## Directions
If a line in the data has the string "middle", please show it.

+--

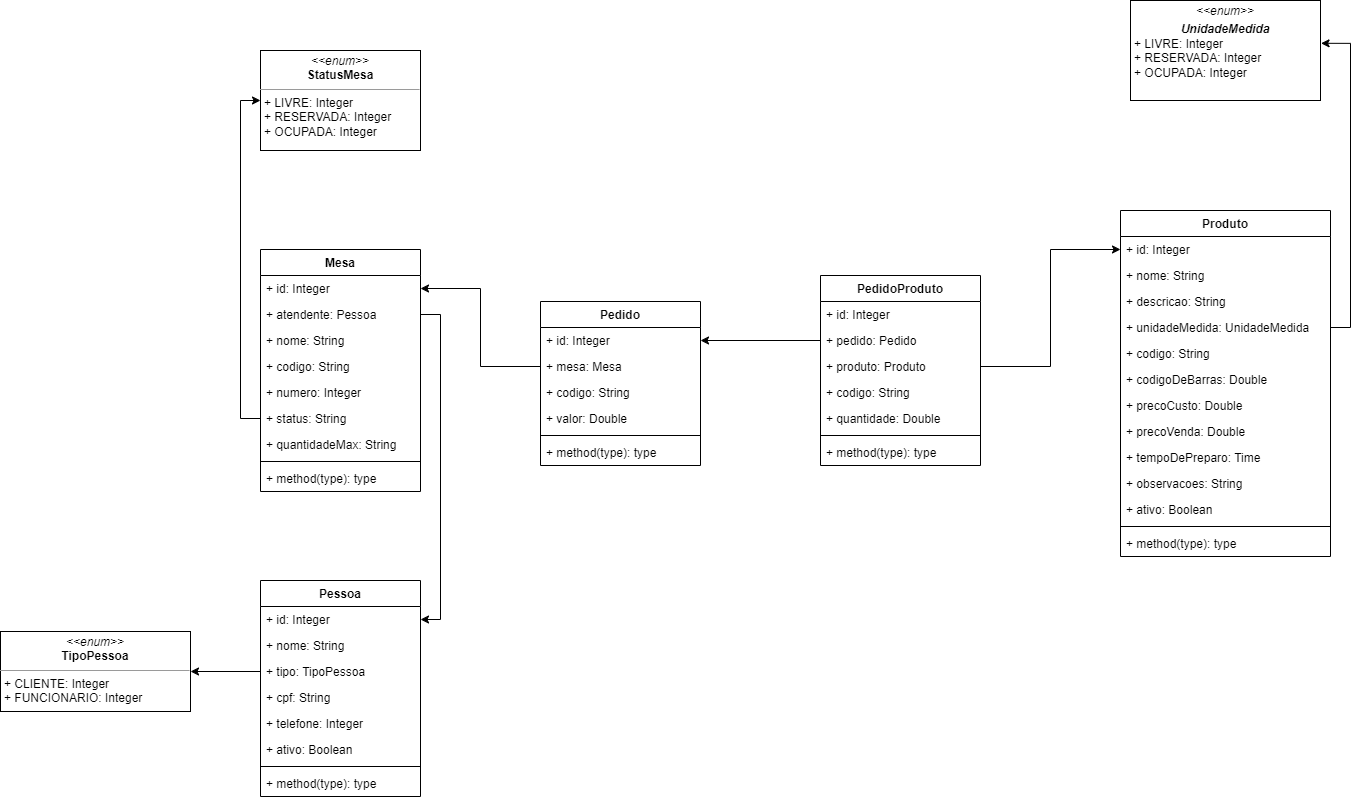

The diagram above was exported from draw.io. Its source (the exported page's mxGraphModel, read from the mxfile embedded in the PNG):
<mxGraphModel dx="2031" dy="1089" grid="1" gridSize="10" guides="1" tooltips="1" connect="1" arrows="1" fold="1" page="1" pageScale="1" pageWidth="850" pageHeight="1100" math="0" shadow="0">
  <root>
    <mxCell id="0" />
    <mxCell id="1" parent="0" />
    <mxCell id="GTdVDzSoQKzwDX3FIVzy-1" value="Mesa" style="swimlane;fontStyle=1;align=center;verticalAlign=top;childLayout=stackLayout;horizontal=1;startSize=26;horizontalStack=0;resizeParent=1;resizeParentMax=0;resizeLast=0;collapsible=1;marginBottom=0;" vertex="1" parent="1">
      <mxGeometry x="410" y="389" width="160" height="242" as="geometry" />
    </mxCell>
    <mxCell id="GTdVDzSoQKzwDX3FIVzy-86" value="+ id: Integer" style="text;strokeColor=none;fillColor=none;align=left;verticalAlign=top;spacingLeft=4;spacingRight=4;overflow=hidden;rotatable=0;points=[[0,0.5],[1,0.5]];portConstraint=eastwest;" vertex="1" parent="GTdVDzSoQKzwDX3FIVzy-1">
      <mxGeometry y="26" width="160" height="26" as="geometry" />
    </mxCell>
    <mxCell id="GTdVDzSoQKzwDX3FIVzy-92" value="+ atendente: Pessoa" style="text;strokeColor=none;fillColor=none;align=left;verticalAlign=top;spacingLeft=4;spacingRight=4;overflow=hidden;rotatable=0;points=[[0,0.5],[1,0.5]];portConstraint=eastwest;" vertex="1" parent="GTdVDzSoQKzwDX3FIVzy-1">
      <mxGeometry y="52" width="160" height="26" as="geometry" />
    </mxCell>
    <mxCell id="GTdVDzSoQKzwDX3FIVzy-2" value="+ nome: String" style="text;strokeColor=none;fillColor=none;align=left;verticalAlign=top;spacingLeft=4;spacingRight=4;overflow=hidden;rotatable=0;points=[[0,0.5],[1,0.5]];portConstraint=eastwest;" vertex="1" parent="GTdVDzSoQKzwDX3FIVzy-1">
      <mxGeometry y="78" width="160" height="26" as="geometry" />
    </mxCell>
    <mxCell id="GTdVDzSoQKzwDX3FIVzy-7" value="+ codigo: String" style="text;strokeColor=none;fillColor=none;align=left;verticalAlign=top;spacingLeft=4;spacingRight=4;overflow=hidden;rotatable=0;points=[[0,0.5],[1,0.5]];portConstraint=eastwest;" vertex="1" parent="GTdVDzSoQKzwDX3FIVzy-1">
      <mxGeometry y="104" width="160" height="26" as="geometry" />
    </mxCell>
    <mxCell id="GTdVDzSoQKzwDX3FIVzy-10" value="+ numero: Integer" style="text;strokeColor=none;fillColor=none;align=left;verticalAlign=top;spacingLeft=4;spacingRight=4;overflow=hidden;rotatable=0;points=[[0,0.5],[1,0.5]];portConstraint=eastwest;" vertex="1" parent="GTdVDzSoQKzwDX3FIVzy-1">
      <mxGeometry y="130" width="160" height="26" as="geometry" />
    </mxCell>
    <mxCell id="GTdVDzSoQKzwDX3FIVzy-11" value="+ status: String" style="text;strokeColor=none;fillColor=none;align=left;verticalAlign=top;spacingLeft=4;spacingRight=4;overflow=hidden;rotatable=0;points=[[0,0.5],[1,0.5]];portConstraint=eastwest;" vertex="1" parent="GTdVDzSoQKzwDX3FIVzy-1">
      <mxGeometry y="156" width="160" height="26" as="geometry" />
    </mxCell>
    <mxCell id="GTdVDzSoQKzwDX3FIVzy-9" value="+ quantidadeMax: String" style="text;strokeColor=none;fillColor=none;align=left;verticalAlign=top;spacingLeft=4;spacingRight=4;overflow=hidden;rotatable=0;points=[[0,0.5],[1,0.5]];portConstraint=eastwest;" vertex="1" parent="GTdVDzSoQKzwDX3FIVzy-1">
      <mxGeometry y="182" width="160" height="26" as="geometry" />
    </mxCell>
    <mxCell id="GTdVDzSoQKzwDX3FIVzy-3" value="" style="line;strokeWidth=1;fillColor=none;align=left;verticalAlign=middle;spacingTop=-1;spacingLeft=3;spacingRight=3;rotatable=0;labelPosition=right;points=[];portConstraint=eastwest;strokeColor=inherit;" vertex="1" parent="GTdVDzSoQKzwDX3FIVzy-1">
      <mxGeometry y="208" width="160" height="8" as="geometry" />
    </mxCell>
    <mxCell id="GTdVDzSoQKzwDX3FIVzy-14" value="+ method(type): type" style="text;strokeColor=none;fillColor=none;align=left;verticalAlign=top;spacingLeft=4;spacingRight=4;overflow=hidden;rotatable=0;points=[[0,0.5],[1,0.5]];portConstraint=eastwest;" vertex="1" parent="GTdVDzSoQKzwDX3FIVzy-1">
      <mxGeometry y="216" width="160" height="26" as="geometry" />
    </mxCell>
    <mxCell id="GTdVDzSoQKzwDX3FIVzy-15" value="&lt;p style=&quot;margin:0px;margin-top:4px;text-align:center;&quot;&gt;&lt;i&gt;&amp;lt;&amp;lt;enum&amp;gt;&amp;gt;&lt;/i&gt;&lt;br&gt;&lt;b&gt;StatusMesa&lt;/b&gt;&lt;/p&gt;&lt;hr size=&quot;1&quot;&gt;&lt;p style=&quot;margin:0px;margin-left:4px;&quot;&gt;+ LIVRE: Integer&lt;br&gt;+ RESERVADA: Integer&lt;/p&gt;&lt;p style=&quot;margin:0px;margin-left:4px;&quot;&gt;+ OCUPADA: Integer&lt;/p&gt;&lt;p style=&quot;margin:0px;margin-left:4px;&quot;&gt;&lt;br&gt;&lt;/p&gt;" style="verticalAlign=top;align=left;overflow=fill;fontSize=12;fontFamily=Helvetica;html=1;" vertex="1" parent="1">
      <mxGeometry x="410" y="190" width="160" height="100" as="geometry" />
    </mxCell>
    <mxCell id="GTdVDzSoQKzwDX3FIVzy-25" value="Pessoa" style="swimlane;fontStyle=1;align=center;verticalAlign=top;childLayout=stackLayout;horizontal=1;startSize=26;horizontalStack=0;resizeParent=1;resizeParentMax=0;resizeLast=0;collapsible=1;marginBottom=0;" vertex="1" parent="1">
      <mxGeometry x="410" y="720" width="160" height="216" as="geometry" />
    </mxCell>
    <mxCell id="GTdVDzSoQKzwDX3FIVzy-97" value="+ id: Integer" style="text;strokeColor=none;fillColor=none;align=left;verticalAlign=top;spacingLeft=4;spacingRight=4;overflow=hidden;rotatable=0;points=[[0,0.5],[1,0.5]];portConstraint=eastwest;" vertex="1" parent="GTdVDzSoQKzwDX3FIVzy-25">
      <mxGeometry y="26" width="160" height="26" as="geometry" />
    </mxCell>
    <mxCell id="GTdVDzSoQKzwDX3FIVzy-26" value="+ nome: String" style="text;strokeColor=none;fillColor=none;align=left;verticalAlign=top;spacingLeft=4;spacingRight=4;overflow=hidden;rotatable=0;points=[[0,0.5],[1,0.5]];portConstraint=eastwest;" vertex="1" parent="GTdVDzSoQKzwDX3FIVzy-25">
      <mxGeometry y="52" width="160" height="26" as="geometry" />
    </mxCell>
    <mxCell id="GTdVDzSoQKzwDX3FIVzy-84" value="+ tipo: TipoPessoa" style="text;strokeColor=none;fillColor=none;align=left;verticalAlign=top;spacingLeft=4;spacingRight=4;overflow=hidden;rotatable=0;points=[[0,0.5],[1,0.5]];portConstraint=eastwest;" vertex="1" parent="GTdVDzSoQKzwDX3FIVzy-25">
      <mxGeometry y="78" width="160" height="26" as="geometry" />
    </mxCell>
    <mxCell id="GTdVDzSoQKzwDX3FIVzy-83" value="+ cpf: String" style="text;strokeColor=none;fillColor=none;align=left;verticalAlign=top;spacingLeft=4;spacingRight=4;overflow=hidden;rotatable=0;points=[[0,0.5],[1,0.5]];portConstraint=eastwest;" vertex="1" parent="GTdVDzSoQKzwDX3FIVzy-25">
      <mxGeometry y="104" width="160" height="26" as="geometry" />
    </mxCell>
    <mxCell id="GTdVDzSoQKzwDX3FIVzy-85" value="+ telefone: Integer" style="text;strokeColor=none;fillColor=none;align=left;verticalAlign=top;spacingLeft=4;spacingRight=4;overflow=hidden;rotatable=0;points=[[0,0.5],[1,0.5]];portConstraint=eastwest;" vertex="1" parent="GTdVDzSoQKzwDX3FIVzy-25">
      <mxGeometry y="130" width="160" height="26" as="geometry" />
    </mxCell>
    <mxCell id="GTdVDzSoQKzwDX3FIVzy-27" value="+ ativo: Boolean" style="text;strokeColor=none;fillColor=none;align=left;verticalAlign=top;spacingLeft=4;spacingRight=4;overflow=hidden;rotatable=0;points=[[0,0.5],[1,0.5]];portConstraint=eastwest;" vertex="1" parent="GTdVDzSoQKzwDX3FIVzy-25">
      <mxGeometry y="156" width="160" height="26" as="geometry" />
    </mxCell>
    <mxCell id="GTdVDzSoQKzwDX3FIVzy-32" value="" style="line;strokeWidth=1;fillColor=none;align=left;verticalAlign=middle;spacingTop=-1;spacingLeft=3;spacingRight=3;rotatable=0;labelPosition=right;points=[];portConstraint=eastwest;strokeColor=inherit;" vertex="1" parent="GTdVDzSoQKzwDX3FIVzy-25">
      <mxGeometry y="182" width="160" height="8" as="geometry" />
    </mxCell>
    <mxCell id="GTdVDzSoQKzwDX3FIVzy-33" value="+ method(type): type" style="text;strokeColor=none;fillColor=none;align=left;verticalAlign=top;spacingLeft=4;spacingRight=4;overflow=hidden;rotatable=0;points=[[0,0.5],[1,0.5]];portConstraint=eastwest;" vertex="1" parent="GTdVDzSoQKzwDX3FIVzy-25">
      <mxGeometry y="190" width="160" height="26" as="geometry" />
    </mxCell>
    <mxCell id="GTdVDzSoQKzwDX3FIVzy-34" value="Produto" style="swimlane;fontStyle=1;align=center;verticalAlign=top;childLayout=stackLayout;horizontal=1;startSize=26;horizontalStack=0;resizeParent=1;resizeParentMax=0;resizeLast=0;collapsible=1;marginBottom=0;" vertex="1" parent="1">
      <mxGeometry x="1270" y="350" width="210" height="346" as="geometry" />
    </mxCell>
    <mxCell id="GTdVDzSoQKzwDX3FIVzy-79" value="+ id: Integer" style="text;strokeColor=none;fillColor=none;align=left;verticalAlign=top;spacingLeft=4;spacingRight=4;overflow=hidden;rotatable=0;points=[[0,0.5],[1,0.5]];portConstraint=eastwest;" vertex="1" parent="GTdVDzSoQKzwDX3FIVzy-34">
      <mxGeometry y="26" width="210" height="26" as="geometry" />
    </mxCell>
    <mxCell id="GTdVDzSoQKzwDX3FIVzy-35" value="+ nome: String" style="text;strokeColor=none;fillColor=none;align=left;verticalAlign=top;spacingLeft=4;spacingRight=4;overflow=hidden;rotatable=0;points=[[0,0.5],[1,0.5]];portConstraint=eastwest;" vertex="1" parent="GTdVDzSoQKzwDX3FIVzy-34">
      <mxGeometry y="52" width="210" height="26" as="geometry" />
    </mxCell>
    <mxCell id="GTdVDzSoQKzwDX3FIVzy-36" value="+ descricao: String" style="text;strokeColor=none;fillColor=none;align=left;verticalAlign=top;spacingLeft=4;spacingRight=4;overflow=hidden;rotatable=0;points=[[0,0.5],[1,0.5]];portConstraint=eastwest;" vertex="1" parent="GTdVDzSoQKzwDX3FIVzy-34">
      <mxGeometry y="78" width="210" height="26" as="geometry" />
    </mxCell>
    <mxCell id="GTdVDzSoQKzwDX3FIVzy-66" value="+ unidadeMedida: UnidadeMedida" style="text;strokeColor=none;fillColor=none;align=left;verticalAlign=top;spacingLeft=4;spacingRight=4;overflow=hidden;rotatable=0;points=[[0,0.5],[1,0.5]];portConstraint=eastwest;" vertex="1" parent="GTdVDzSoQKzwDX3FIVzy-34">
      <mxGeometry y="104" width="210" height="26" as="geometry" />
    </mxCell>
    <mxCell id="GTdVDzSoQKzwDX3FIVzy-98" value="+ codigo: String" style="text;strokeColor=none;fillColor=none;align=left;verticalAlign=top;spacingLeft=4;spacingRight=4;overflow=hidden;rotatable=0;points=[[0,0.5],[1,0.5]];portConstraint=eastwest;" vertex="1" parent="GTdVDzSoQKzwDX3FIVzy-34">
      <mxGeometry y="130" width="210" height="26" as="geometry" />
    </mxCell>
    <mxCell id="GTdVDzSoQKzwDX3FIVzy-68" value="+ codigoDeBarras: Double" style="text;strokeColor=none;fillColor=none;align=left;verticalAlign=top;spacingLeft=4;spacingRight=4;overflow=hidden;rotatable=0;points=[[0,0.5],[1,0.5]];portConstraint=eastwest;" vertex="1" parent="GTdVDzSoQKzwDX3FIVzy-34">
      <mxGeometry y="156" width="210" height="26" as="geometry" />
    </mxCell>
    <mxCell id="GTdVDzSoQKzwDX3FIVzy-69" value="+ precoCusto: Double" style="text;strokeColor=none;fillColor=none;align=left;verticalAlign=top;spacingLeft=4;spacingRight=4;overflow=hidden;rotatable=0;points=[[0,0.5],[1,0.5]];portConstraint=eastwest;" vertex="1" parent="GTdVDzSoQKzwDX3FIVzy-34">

+--

## Result
    <mxCell id="GTdVDzSoQKzwDX3FIVzy-3" value="" style="line;strokeWidth=1;fillColor=none;align=left;verticalAlign=middle;spacingTop=-1;spacingLeft=3;spacingRight=3;rotatable=0;labelPosition=right;points=[];portConstraint=eastwest;strokeColor=inherit;" vertex="1" parent="GTdVDzSoQKzwDX3FIVzy-1">
    <mxCell id="GTdVDzSoQKzwDX3FIVzy-32" value="" style="line;strokeWidth=1;fillColor=none;align=left;verticalAlign=middle;spacingTop=-1;spacingLeft=3;spacingRight=3;rotatable=0;labelPosition=right;points=[];portConstraint=eastwest;strokeColor=inherit;" vertex="1" parent="GTdVDzSoQKzwDX3FIVzy-25">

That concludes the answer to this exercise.